*** RECORDED INFORMATION Section Begins ***

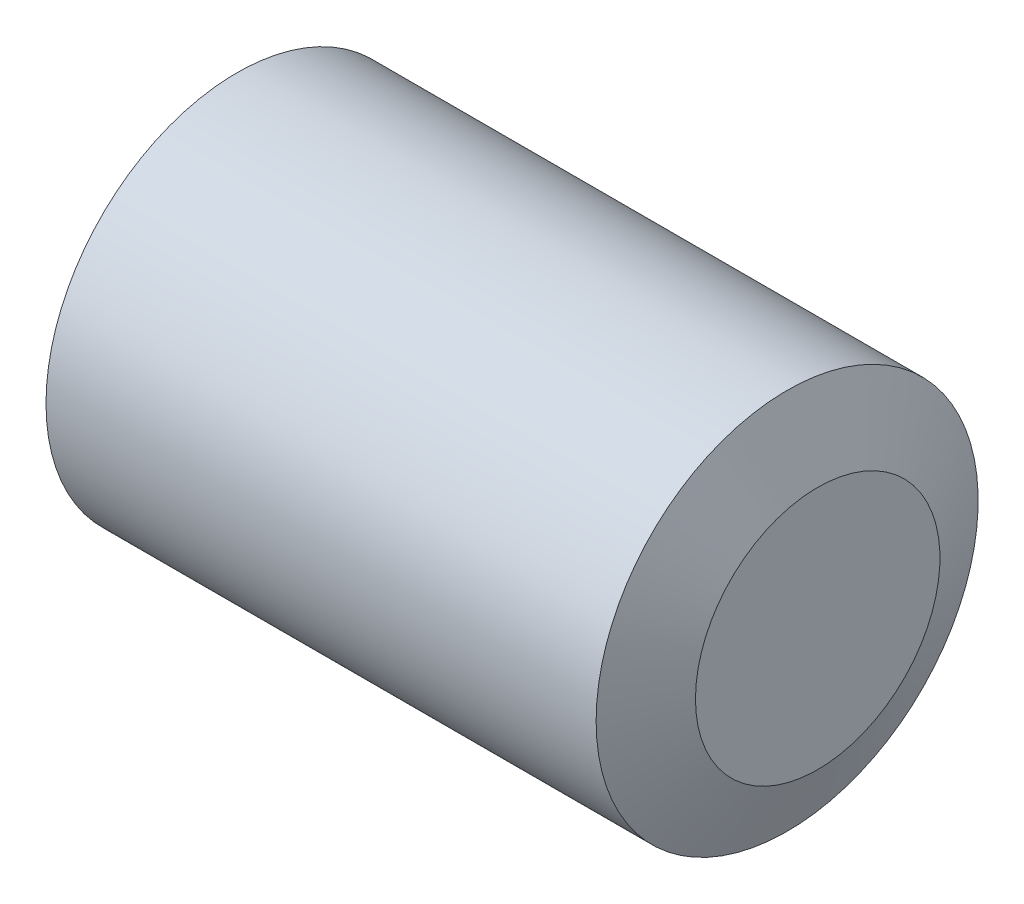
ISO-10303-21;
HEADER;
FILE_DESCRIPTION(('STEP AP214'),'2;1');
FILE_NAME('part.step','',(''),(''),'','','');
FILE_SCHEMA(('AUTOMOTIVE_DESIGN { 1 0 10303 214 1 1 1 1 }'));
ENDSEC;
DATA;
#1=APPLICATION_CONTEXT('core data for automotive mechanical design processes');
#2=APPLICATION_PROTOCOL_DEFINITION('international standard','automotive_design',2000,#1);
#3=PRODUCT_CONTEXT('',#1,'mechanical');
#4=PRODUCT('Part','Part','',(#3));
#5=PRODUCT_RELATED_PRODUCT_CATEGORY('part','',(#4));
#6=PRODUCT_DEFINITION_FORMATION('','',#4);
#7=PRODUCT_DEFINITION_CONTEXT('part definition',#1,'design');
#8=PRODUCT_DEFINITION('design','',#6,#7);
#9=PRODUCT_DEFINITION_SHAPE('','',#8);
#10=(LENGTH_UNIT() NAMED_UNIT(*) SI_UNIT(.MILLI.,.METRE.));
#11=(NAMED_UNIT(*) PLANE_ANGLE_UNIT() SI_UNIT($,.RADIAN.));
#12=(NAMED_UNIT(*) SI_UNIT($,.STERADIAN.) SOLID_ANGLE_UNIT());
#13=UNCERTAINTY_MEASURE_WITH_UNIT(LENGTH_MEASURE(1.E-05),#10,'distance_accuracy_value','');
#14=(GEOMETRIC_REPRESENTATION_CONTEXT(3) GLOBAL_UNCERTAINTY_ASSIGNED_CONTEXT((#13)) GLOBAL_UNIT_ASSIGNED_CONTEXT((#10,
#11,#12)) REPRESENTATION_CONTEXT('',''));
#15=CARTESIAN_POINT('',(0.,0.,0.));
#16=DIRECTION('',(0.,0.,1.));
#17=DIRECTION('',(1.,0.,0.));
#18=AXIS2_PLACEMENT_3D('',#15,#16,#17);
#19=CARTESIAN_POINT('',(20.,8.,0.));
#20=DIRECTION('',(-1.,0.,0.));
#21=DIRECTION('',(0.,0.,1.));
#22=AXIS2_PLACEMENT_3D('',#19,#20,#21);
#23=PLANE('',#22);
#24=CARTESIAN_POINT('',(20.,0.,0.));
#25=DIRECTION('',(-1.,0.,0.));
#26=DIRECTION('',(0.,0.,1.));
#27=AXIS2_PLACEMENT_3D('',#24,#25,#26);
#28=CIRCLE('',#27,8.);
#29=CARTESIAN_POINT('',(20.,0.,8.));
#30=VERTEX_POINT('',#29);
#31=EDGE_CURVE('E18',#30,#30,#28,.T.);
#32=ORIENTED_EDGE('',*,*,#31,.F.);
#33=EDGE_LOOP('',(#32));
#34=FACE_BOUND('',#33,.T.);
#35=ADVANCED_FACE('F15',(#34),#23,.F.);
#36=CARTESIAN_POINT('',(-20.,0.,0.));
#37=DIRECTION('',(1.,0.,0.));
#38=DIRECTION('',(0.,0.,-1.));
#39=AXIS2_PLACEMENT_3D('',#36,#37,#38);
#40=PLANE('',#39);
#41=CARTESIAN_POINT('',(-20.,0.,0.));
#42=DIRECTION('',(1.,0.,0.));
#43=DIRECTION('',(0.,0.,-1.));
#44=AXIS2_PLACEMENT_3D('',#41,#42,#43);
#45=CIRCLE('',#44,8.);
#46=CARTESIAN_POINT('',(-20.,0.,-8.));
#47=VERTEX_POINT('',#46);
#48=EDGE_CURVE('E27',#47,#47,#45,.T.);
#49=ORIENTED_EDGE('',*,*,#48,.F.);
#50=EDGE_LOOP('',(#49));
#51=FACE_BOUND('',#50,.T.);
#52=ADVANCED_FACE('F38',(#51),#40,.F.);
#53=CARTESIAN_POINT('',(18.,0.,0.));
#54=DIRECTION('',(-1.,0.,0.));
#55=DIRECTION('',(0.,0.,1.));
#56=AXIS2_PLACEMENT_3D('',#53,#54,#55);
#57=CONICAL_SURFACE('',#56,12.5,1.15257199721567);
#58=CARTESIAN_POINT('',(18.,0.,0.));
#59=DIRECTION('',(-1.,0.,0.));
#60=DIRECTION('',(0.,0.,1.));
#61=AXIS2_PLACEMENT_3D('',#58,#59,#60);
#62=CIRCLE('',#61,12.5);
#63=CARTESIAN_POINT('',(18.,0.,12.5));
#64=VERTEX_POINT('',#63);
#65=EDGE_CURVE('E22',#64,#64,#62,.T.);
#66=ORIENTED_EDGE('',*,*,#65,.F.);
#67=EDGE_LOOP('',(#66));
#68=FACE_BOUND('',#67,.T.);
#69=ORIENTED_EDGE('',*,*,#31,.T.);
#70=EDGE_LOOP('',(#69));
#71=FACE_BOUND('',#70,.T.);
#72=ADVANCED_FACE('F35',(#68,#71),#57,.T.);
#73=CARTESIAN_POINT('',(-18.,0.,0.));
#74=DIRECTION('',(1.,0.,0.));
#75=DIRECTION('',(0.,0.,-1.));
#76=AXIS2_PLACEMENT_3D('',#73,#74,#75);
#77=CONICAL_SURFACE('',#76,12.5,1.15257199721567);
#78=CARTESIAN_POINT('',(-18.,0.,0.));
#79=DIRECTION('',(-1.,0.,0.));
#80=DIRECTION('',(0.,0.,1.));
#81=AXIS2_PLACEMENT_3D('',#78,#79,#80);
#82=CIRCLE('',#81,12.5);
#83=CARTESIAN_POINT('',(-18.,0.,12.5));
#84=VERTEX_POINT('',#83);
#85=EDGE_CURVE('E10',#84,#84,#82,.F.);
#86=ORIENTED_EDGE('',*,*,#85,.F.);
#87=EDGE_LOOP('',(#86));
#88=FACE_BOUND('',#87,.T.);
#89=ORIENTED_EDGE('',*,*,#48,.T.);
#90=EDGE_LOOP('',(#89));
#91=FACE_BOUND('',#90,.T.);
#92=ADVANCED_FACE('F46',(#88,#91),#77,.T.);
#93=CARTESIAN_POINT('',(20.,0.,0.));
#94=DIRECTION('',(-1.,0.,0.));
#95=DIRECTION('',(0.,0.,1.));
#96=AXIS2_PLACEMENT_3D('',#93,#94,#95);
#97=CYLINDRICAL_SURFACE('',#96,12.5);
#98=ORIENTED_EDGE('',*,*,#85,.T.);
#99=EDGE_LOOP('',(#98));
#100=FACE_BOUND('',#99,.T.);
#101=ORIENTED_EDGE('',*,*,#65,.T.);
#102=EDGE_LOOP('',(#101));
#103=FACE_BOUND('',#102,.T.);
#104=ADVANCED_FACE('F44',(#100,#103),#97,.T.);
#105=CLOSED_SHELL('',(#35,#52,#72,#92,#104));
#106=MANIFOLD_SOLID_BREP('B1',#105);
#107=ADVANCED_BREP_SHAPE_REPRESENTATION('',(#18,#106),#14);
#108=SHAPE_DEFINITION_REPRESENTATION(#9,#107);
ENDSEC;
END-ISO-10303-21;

*** RECORDED INFORMATION Section Ends ***

AIM OF THE TASK =>
Set out, exactly as written, the lines from the line with "#97=CYLINDRICAL_SURFACE('',#96,12.5);" to the last line of the records, inclusive, and only those lines.

PROBLEM SOLUTION =>
#97=CYLINDRICAL_SURFACE('',#96,12.5);
#98=ORIENTED_EDGE('',*,*,#85,.T.);
#99=EDGE_LOOP('',(#98));
#100=FACE_BOUND('',#99,.T.);
#101=ORIENTED_EDGE('',*,*,#65,.T.);
#102=EDGE_LOOP('',(#101));
#103=FACE_BOUND('',#102,.T.);
#104=ADVANCED_FACE('F44',(#100,#103),#97,.T.);
#105=CLOSED_SHELL('',(#35,#52,#72,#92,#104));
#106=MANIFOLD_SOLID_BREP('B1',#105);
#107=ADVANCED_BREP_SHAPE_REPRESENTATION('',(#18,#106),#14);
#108=SHAPE_DEFINITION_REPRESENTATION(#9,#107);
ENDSEC;
END-ISO-10303-21;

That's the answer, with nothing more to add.